Per questo la sconfitta alle prossime elezioni non sarà ordinaria. Rischia di essere duratura. Di desertificare il terreno riformista. Nessuno dei leader che lo avrà mandato in pezzi potrà illudersi di essere legittimato a ricostruirlo. E sopratutto si porranno le condizioni perché la vittoria populista condizioni il Paese per più di una legislatura. Facendo crollare persino la speranza di una rivincita nel breve periodo. Una sindrome che sembra colpire anche i sindacati. Per la prima volta dalla nascita della seconda Repubblica, l’unità sindacale può rompersi in presenza di un governo di centrosinistra. Sembra sempre più lo specchio della crisi che sta vivendo il fronte progressista.
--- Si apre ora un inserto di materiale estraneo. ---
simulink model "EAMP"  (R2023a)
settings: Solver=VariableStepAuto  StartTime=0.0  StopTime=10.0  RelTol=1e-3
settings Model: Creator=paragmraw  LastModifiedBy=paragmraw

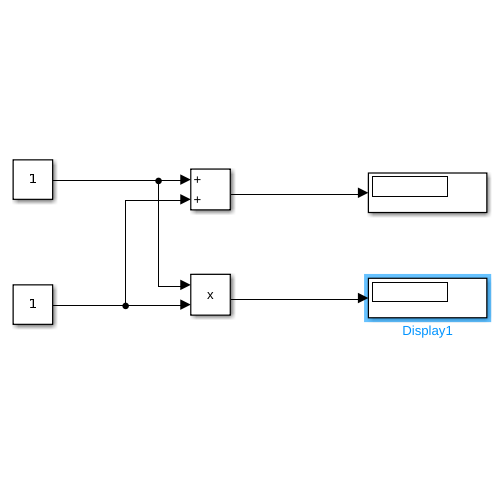
[thumbnail: Simulink's stored preview of the top-level diagram]
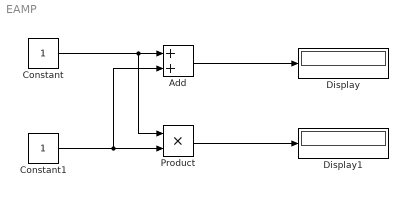
== system EAMP ==
  Add : Sum
  Constant : Constant
  Constant1 : Constant
  Display : Display
  Display1 : Display
  Product : Product
  wires:
  Constant/1 -> Product/1, Add/1
  Constant1/1 -> Product/2, Add/2
  Add/1 -> Display/1
  Product/1 -> Display1/1
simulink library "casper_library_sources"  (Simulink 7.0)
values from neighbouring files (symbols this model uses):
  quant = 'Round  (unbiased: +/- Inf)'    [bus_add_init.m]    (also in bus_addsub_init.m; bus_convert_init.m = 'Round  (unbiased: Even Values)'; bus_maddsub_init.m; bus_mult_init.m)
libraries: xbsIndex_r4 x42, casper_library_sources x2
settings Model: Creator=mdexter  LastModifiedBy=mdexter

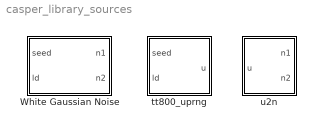
== system casper_library_sources ==
  White Gaussian Noise : Subsystem  mask(White Gaussian Noise Generator){seed=hex2dec('12345678')}
      mask help: Outputs two independent white gaussian noise signals as Fix_17_14 values with standard deviation 1.0, expected value 0.0, and crest factor 3.90625 (125/32).
      mask Help:
      | Initial seed is specified by a mask parameter at design time.  Can be reseeded at runtime by applying a UFix_32_0 value on the seed input and pulsing the load port (ld) high for one cycle.  Holding the load port high for more than one cycle is allowed, but it affects the underlying PRNG in undocumented ways.  Drill down into the subsystem if you want to learn more.
      | 
      | This block uses a TT800 uniform pseudo-random number generator followed by a uniform-to-normal converter implementing the Box-Muller Polar algorithm.
      | 
      | The TT800 is a high quality pseudo-random number generator based on a "twisted generialized linear feedback shift register".  Its output sequence repeats after 2^800 samples (~10^240 samples).  For more info see: Matsumoto, M. and Kurita, Y. 1994. "Twisted GFSR generators II", ACM Trans. Model. Comput. Simul. 4, 3 (Jul. 1994), 254-266 (http://doi.acm.org/10.1145/189443.189445).
      mask CallbackString:
      | if str2num(get_param(gcb, 'seed')) == 0
      |     error('Seed cannot be zero.')
      | end
      mask Display:
      | port_label('input',1,'seed');
      | port_label('input',2,'ld');
      | port_label('output',1,'n1');
      | port_label('output',2,'n2');
  tt800_uprng : Subsystem  mask(TT800 Uniform Psedo-Random Number Generator){seed=hex2dec('12345678')}
      mask help: The TT800 is a high quality pseudo-random number generator based on a "twisted generialized linear feedback shift register". Its output sequence repeats after 2^800 samples (~10^240 samples). For more info see: Matsumoto, M. and Kurita, Y. 1994. "Twisted GFSR generators II", ACM Trans. Model. Comput. Simul. 4, 3 (Jul. 1994), 254-266 (http://doi.acm.org/10.1145/189443.189445).
      mask init:
      | set_param([gcb,'/tt800_seed_gen/LFSR'],'rst_value',sprintf('''%08X''', seed));
      mask Help: Initial seed is specified by a mask parameter at design time.  Can be reseeded at runtime by applying a UFix_32_0 value on the seed input and pulsing the load port (ld) high for one cycle.  Holding the load port high for more than one cycle is allowed, but it affects the generator in undocumented ways.  Drill down into the subsystem if you want to learn more.
      mask Display:
      | port_label('input',1,'seed');
      | port_label('input',2,'ld');
      | port_label('output',1,'u');
  u2n : Subsystem  mask(Uniform to Normal Converter){hideme=off}
      mask prompts: hideme "Hide me"
      mask help: Converts a variable with uniform distribution into two independent normally distributed variables.
      mask Help: Converts a variable with uniform distribution into two independent normally distributed variables.

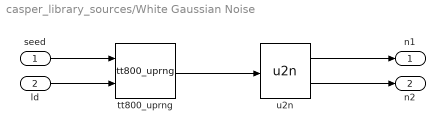
== system casper_library_sources/White Gaussian Noise ==
  seed : Inport  OutDataType=sfix(16)  OutScaling=2^0
  ld : Inport  Port=2  OutDataType=sfix(16)  OutScaling=2^0
  tt800_uprng : casper_library_sources/tt800_uprng  SystemSampleTime=-1  seed=seed
  u2n : casper_library_sources/u2n  SystemSampleTime=-1  hideme=off
  n1 : Outport  OutDataType=sfix(16)  OutScaling=2^0
  n2 : Outport  Port=2  OutDataType=sfix(16)  OutScaling=2^0
  wires:
  tt800_uprng/1 -> u2n/1
  seed/1 -> tt800_uprng/1
  u2n/1 -> n1/1
  ld/1 -> tt800_uprng/2
  u2n/2 -> n2/1

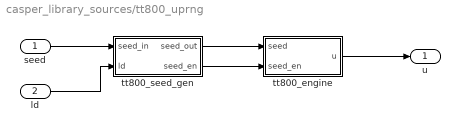
== system casper_library_sources/tt800_uprng ==
  seed : Inport  OutDataType=sfix(16)  OutScaling=2^0
  ld : Inport  Port=2  OutDataType=sfix(16)  OutScaling=2^0
  tt800_engine : Subsystem
  tt800_seed_gen : Subsystem
  u : Outport  OutDataType=sfix(16)  OutScaling=2^0
  wires:
  ld/1 -> tt800_seed_gen/2(ld)
  tt800_engine/1(u) -> u/1
  seed/1 -> tt800_seed_gen/1(seed_in)
  tt800_seed_gen/2(seed_en) -> tt800_engine/2(seed_en)
  tt800_seed_gen/1(seed_out) -> tt800_engine/1(seed)

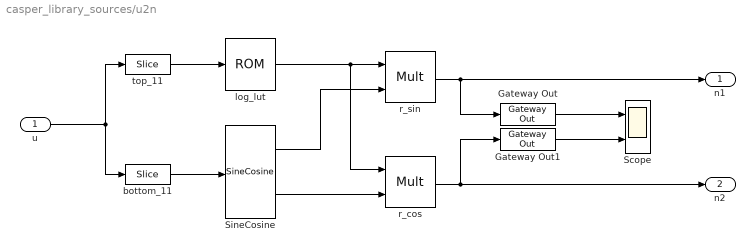
== system casper_library_sources/u2n ==
  u : Inport  OutDataType=sfix(16)  OutScaling=2^0
  Gateway Out : xbsIndex_r4/Gateway Out  hdl_port=off  timing_constraint=None  locs_specified=off  LOCs={}  block_type=gatewayout
      settings: infoedit="Gateway out block.  Converts Xilinx fixed point inputs into ouputs of type Simulink integer, double, or fixed point.<P><P>Hardware notes:  In hardware these blocks become top level output ports or are discarded, depending on how they are configured."  xl_area=[0 0 0 0 17 0 0]  block_version=10.1.3
  Gateway Out1 : xbsIndex_r4/Gateway Out  hdl_port=off  timing_constraint=None  locs_specified=off  LOCs={}  block_type=gatewayout
      settings: infoedit="Gateway out block.  Converts Xilinx fixed point inputs into ouputs of type Simulink integer, double, or fixed point.<P><P>Hardware notes:  In hardware these blocks become top level output ports or are discarded, depending on how they are configured."  xl_area=[0 0 0 0 17 0 0]  block_version=10.1.3
  Scope : Scope  NumInputPorts=2
      settings: YMin=-5~-5  YMax=5~5
  SineCosine : xbsIndex_r4/SineCosine  mode=Sine and Cosine  neg_sin=off  neg_cos=off  n_bits=8  sym_output=off  en=off  latency=2  dbl_ovrd=off  explicit_period=off  period=1  mem_type=Block RAM  pipeline=on  use_rpm=on  block_type=sincos
      settings: xl_area=[8 16 1 2 0 0 0]  block_version=10.1.3
  bottom_11 : xbsIndex_r4/Slice  nbits=11  boolean_output=off  mode=Lower Bit Location + Width  bit1=0  base1=MSB of Input  bit0=0  base0=LSB of Input  dbl_ovrd=off  block_type=slice
      settings: infoedit="Extracts a given range of bits from each input sample and presents it at the output.  The output type is ordinarily unsigned with binary point at zero, but can be Boolean when the slice is one bit wide.<P><P>Hardware notes: In hardware this block costs nothing."  block_version=10.1.3
  log_lut : xbsIndex_r4/ROM  depth=2^11  initVector=quant(sqrt(-2*log(linspace(2^-11,1,2^11))),2^-7)  distributed_mem=Block RAM  rst=off  init_reg=0  en=off  latency=1  arith_type=Unsigned  n_bits=9  bin_pt=7  dbl_ovrd=off  optimize=Area  use_rpm=off  block_type=sprom
      settings: xl_area=[0 0 1 0 0 0 0]  block_version=10.1.3
  r_cos : xbsIndex_r4/Mult  precision=Full  arith_type="Signed  (2's comp)"  n_bits=8  bin_pt=2  quantization=Truncate  overflow=Wrap  en=off  latency=3  dbl_ovrd=off  use_behavioral_HDL=off  use_embedded=on  opt=Speed  optimum_pipeline=off  pipeline=on  use_rpm=on  placement_style=Rectangular shape  block_type=mult
      settings: infoedit=Hardware notes: To use the internal pipeline stage of the dedicated multiplier you must select 'Pipeline for maximum performance'.  xl_area=[18 34 0 17 0 1 0]  block_version=10.1.3
  r_sin : xbsIndex_r4/Mult  precision=Full  arith_type="Signed  (2's comp)"  n_bits=8  bin_pt=2  quantization=Truncate  overflow=Wrap  en=off  latency=3  dbl_ovrd=off  use_behavioral_HDL=off  use_embedded=on  opt=Speed  optimum_pipeline=off  pipeline=on  use_rpm=on  placement_style=Rectangular shape  block_type=mult
      settings: infoedit=Hardware notes: To use the internal pipeline stage of the dedicated multiplier you must select 'Pipeline for maximum performance'.  xl_area=[18 34 0 17 0 1 0]  block_version=10.1.3
  top_11 : xbsIndex_r4/Slice  nbits=11  boolean_output=off  mode=Upper Bit Location + Width  bit1=0  base1=MSB of Input  bit0=0  base0=MSB of Input  dbl_ovrd=off  block_type=slice
      settings: infoedit="Extracts a given range of bits from each input sample and presents it at the output.  The output type is ordinarily unsigned with binary point at zero, but can be Boolean when the slice is one bit wide.<P><P>Hardware notes: In hardware this block costs nothing."  block_version=10.1.3
  n1 : Outport  OutDataType=sfix(16)  OutScaling=2^0
  n2 : Outport  Port=2  OutDataType=sfix(16)  OutScaling=2^0
  wires:
  r_cos/1 -> n2/1, Gateway Out1/1
  r_sin/1 -> n1/1, Gateway Out/1
  SineCosine/1 -> r_sin/2
  log_lut/1 -> r_cos/1, r_sin/1
  SineCosine/2 -> r_cos/2
  u/1 -> bottom_11/1, top_11/1
  top_11/1 -> log_lut/1
  bottom_11/1 -> SineCosine/1
  Gateway Out1/1 -> Scope/2
  Gateway Out/1 -> Scope/1

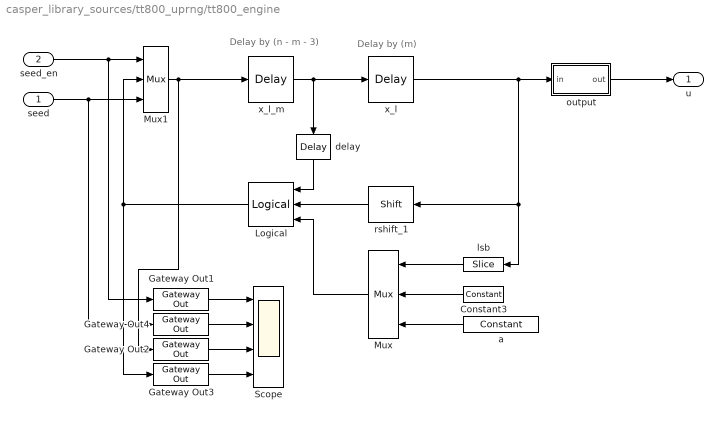
== system casper_library_sources/tt800_uprng/tt800_engine ==
  note: Delay by (m)
  note: Delay by (n - m - 3)
  seed : Inport  OutDataType=sfix(16)  OutScaling=2^0
  seed_en : Inport  Port=2  OutDataType=sfix(16)  OutScaling=2^0
  Constant3 : xbsIndex_r4/Constant  Orientation=left  arith_type=Unsigned  const=0  n_bits=32  bin_pt=0  explicit_period=off  period=1  equ=P=C  opselect=C  inp2=PCIN>>17  opr=+  inp1=P  carry=CIN  dbl_ovrd=off  block_type=constant
  Gateway Out{1..4} (4 alike) : xbsIndex_r4/Gateway Out  hdl_port=off  timing_constraint=None  locs_specified=off  LOCs={}  block_type=gatewayout
      settings: infoedit="Gateway out block.  Converts Xilinx fixed point inputs into ouputs of type Simulink integer, double, or fixed point.<P><P>Hardware notes:  In hardware these blocks become top level output ports or are discarded, depending on how they are configured."  xl_area=[0 0 0 0 0 0 0]  block_version=10.1.3
  Logical : xbsIndex_r4/Logical  Orientation=left  logical_function=XOR  inputs=3  en=off  latency=1  precision=Full  arith_type=Unsigned  n_bits=8  bin_pt=2  align_bp=off  dbl_ovrd=off  block_type=logical
      settings: xl_area=[32 32 0 32 0 0 0]
  Mux : xbsIndex_r4/Mux  Orientation=left  inputs=2  en=off  latency=1  precision=Full  arith_type="Signed  (2's comp)"  n_bits=8  bin_pt=2  quantization=Truncate  overflow=Wrap  dbl_ovrd=off  block_type=mux
      settings: xl_area=[16 32 0 32 0 0 0]
  Mux1 : xbsIndex_r4/Mux  inputs=2  en=off  latency=1  precision=Full  arith_type="Signed  (2's comp)"  n_bits=8  bin_pt=2  quantization=Truncate  overflow=Wrap  dbl_ovrd=off  block_type=mux
      settings: xl_area=[16 32 0 32 0 0 0]
  Scope : Scope  NumInputPorts=4
      settings: YMin=-5~-5~-5~-5  YMax=5~5~5~5
  a : xbsIndex_r4/Constant  Orientation=left  arith_type=Unsigned  const=hex2dec('8EBFD028')  n_bits=32  bin_pt=0  explicit_period=off  period=1  equ=P=C  opselect=C  inp2=PCIN>>17  opr=+  inp1=P  carry=CIN  dbl_ovrd=off  block_type=constant
  delay : xbsIndex_r4/Delay  Orientation=down  en=off  latency=1  dbl_ovrd=off  reg_retiming=off  block_type=delay
      settings: xl_area=[16 32 0 0 0 0 0]
  lsb : xbsIndex_r4/Slice  Orientation=left  nbits=1  boolean_output=off  mode=Lower Bit Location + Width  bit1=0  base1=MSB of Input  bit0=0  base0=LSB of Input  dbl_ovrd=off  block_type=slice
      settings: infoedit="Extracts a given range of bits from each input sample and presents it at the output.  The output type is ordinarily unsigned with binary point at zero, but can be Boolean when the slice is one bit wide.<P><P>Hardware notes: In hardware this block costs nothing."  block_version=10.1.3
  output : Subsystem
  rshift_1 : xbsIndex_r4/Shift  Orientation=left  shift_dir=Right  shift_bits=1  en=off  latency=1  precision=User Defined  arith_type=Unsigned  n_bits=32  bin_pt=0  quantization=Truncate  overflow=Wrap  dbl_ovrd=off  block_type=shift
      settings: xl_area=[0 32 0 0 0 0 0]  block_version=10.1.3
  x_l : xbsIndex_r4/Delay  en=off  latency=7  dbl_ovrd=off  reg_retiming=off  block_type=delay
      settings: xl_area=[16 32 0 32 0 0 0]
  x_l_m : xbsIndex_r4/Delay  en=off  latency=25-7-3  dbl_ovrd=off  reg_retiming=off  block_type=delay
      settings: xl_area=[16 32 0 32 0 0 0]
  u : Outport  OutDataType=sfix(16)  OutScaling=2^0
  wires:
  x_l_m/1 -> x_l/1, delay/1
  x_l/1 -> lsb/1, rshift_1/1, output/1(in)
  lsb/1 -> Mux/1
  Constant3/1 -> Mux/2
  a/1 -> Mux/3
  rshift_1/1 -> Logical/2
  Mux/1 -> Logical/3
  Logical/1 -> Gateway Out3/1, Mux1/2
  Mux1/1 -> x_l_m/1, Gateway Out2/1
  seed_en/1 -> Gateway Out1/1, Mux1/1
  seed/1 -> Gateway Out4/1, Mux1/3
  Gateway Out1/1 -> Scope/1
  Gateway Out4/1 -> Scope/2
  Gateway Out2/1 -> Scope/3
  Gateway Out3/1 -> Scope/4
  output/1(out) -> u/1
  delay/1 -> Logical/1

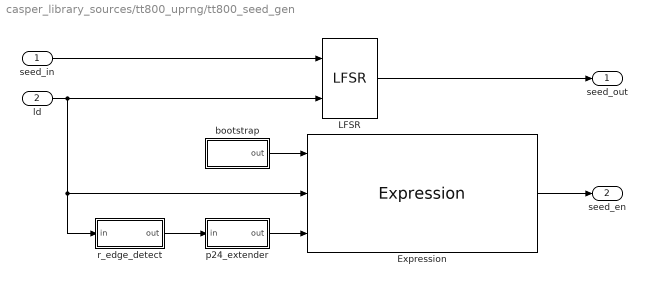
== system casper_library_sources/tt800_uprng/tt800_seed_gen ==
  seed_in : Inport  OutDataType=sfix(16)  OutScaling=2^0
  ld : Inport  Port=2  OutDataType=sfix(16)  OutScaling=2^0
  Expression : xbsIndex_r4/Expression  expression=(bootstrap | ld | ld_ext)  align_bp=on  en=off  latency=1  precision=Full  arith_type=Unsigned  n_bits=8  bin_pt=2  dbl_ovrd=off  block_type=expr
      settings: xl_area=[0, 0, 0, 0, 0, 0, 0]  block_version=10.1.3
  LFSR : xbsIndex_r4/LFSR  lfsr_type=Fibonacci  gate_type=XOR  n_bits=32  polynomial='C0000401'  rst_value='12345678'  rst=off  en=off  reloadable_seed=on  input_type=on  output_type=on  arith_type=Unsigned  bin_pt=0  dbl_ovrd=off  explicit_period=on  period=1  block_type=lfsr
      settings: xl_area=[17 32 0 33 0 0 0]  block_version=10.1.3
  bootstrap : Subsystem
  p24_extender : Subsystem
  r_edge_detect : Subsystem
  seed_out : Outport  OutDataType=sfix(16)  OutScaling=2^0
  seed_en : Outport  Port=2  OutDataType=sfix(16)  OutScaling=2^0
  wires:
  p24_extender/1(out) -> Expression/3
  bootstrap/1(out) -> Expression/1
  LFSR/1 -> seed_out/1
  seed_in/1 -> LFSR/1
  Expression/1 -> seed_en/1
  ld/1 -> Expression/2, r_edge_detect/1(in), LFSR/2
  r_edge_detect/1(out) -> p24_extender/1(in)

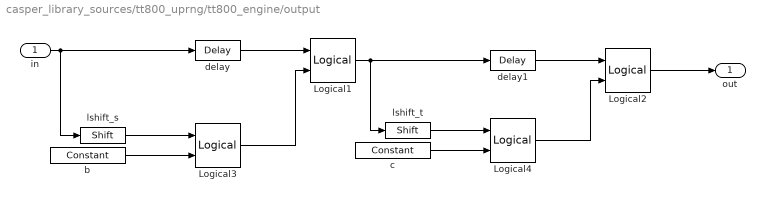
== system casper_library_sources/tt800_uprng/tt800_engine/output ==
  in : Inport  OutDataType=sfix(16)  OutScaling=2^0
  Logical1 : xbsIndex_r4/Logical  logical_function=XOR  inputs=2  en=off  latency=1  precision=Full  arith_type=Unsigned  n_bits=8  bin_pt=2  align_bp=off  dbl_ovrd=off  block_type=logical
      settings: xl_area=[32 32 0 32 0 0 0]
  Logical2 : xbsIndex_r4/Logical  logical_function=XOR  inputs=2  en=off  latency=1  precision=Full  arith_type=Unsigned  n_bits=8  bin_pt=2  align_bp=off  dbl_ovrd=off  block_type=logical
      settings: xl_area=[32 32 0 32 0 0 0]
  Logical3 : xbsIndex_r4/Logical  logical_function=AND  inputs=2  en=off  latency=1  precision=Full  arith_type=Unsigned  n_bits=8  bin_pt=2  align_bp=off  dbl_ovrd=off  block_type=logical
      settings: xl_area=[32 32 0 32 0 0 0]
  Logical4 : xbsIndex_r4/Logical  logical_function=AND  inputs=2  en=off  latency=1  precision=Full  arith_type=Unsigned  n_bits=8  bin_pt=2  align_bp=off  dbl_ovrd=off  block_type=logical
      settings: xl_area=[32 32 0 32 0 0 0]
  b : xbsIndex_r4/Constant  arith_type=Unsigned  const=hex2dec('2B5B2500')  n_bits=32  bin_pt=0  explicit_period=off  period=1  equ=P=C  opselect=C  inp2=PCIN>>17  opr=+  inp1=P  carry=CIN  dbl_ovrd=off  block_type=constant
  c : xbsIndex_r4/Constant  arith_type=Unsigned  const=hex2dec('DB8B0000')  n_bits=32  bin_pt=0  explicit_period=off  period=1  equ=P=C  opselect=C  inp2=PCIN>>17  opr=+  inp1=P  carry=CIN  dbl_ovrd=off  block_type=constant
  delay : xbsIndex_r4/Delay  en=off  latency=1  dbl_ovrd=off  reg_retiming=off  block_type=delay
      settings: xl_area=[16 32 0 0 0 0 0]
  delay1 : xbsIndex_r4/Delay  en=off  latency=1  dbl_ovrd=off  reg_retiming=off  block_type=delay
      settings: xl_area=[16 32 0 0 0 0 0]
  lshift_s : xbsIndex_r4/Shift  shift_dir=Left  shift_bits=7  en=off  latency=0  precision=User Defined  arith_type=Unsigned  n_bits=32  bin_pt=0  quantization=Truncate  overflow=Wrap  dbl_ovrd=off  block_type=shift
      settings: xl_area=[0 0 0 0 0 0 0]  block_version=10.1.3
  lshift_t : xbsIndex_r4/Shift  shift_dir=Left  shift_bits=15  en=off  latency=0  precision=User Defined  arith_type=Unsigned  n_bits=32  bin_pt=0  quantization=Truncate  overflow=Wrap  dbl_ovrd=off  block_type=shift
      settings: xl_area=[0 0 0 0 0 0 0]  block_version=10.1.3
  out : Outport  OutDataType=sfix(16)  OutScaling=2^0
  wires:
  delay/1 -> Logical1/1
  lshift_s/1 -> Logical3/1
  b/1 -> Logical3/2
  Logical3/1 -> Logical1/2
  Logical1/1 -> delay1/1, lshift_t/1
  lshift_t/1 -> Logical4/1
  c/1 -> Logical4/2
  delay1/1 -> Logical2/1
  Logical4/1 -> Logical2/2
  in/1 -> delay/1, lshift_s/1
  Logical2/1 -> out/1

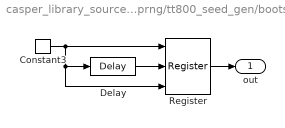
== system casper_library_sources/tt800_uprng/tt800_seed_gen/bootstrap ==
  Constant3 : xbsIndex_r4/Constant  arith_type=Boolean  const=1  n_bits=1  bin_pt=0  explicit_period=on  period=1  equ=P=C  opselect=C  inp2=PCIN>>17  opr=+  inp1=P  carry=CIN  dbl_ovrd=off  block_type=constant
  Delay : xbsIndex_r4/Delay  en=off  latency=25  dbl_ovrd=off  reg_retiming=off  block_type=delay
      settings: xl_area=[2 2 0 2 0 0 0]
  Register : xbsIndex_r4/Register  init=0  rst=on  en=on  dbl_ovrd=off  block_type=register
      settings: xl_area=[1 1 0 0 0 0 0]
  out : Outport  OutDataType=sfix(16)  OutScaling=2^0
  wires:
  Register/1 -> out/1
  Constant3/1 -> Register/3, Delay/1, Register/1
  Delay/1 -> Register/2

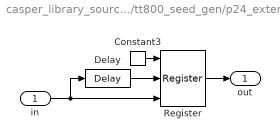
== system casper_library_sources/tt800_uprng/tt800_seed_gen/p24_extender ==
  in : Inport  OutDataType=sfix(16)  OutScaling=2^0
  Constant3 : xbsIndex_r4/Constant  arith_type=Boolean  const=1  n_bits=1  bin_pt=0  explicit_period=on  period=1  equ=P=C  opselect=C  inp2=PCIN>>17  opr=+  inp1=P  carry=CIN  dbl_ovrd=off  block_type=constant
  Delay : xbsIndex_r4/Delay  en=off  latency=24  dbl_ovrd=off  reg_retiming=off  block_type=delay
      settings: xl_area=[2 2 0 2 0 0 0]
  Register : xbsIndex_r4/Register  init=0  rst=on  en=on  dbl_ovrd=off  block_type=register
      settings: xl_area=[1 1 0 0 0 0 0]
  out : Outport  OutDataType=sfix(16)  OutScaling=2^0
  wires:
  Register/1 -> out/1
  Constant3/1 -> Register/1
  Delay/1 -> Register/2
  in/1 -> Register/3, Delay/1

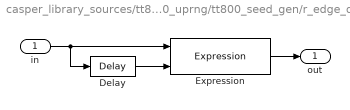
== system casper_library_sources/tt800_uprng/tt800_seed_gen/r_edge_detect ==
  in : Inport  OutDataType=sfix(16)  OutScaling=2^0
  Delay : xbsIndex_r4/Delay  en=off  latency=1  dbl_ovrd=off  reg_retiming=off  block_type=delay
  Expression : xbsIndex_r4/Expression  expression=curr & ~prev  align_bp=on  en=off  latency=0  precision=Full  arith_type=Unsigned  n_bits=16  bin_pt=0  dbl_ovrd=off  block_type=expr
      settings: block_version=10.1.3
  out : Outport  OutDataType=sfix(16)  OutScaling=2^0
  wires:
  Expression/1 -> out/1
  Delay/1 -> Expression/2
  in/1 -> Expression/1, Delay/1

Soltanto nel 2007, con l’ultimo esecutivo Prodi, la Cgil aveva minacciato di non firmare un’intesa. Ma in extremis lo fece con una adesione separata. Forse, allora, è opportuno che tutti si accorgano – compreso Bersani che utilizzò questa metafora – che la destra è alle porte e che la «mucca si trova nel corridoio».
La Repubblica – CLAUDIO TITO – 20/11/2017 pg. 25 ed. Nazionale.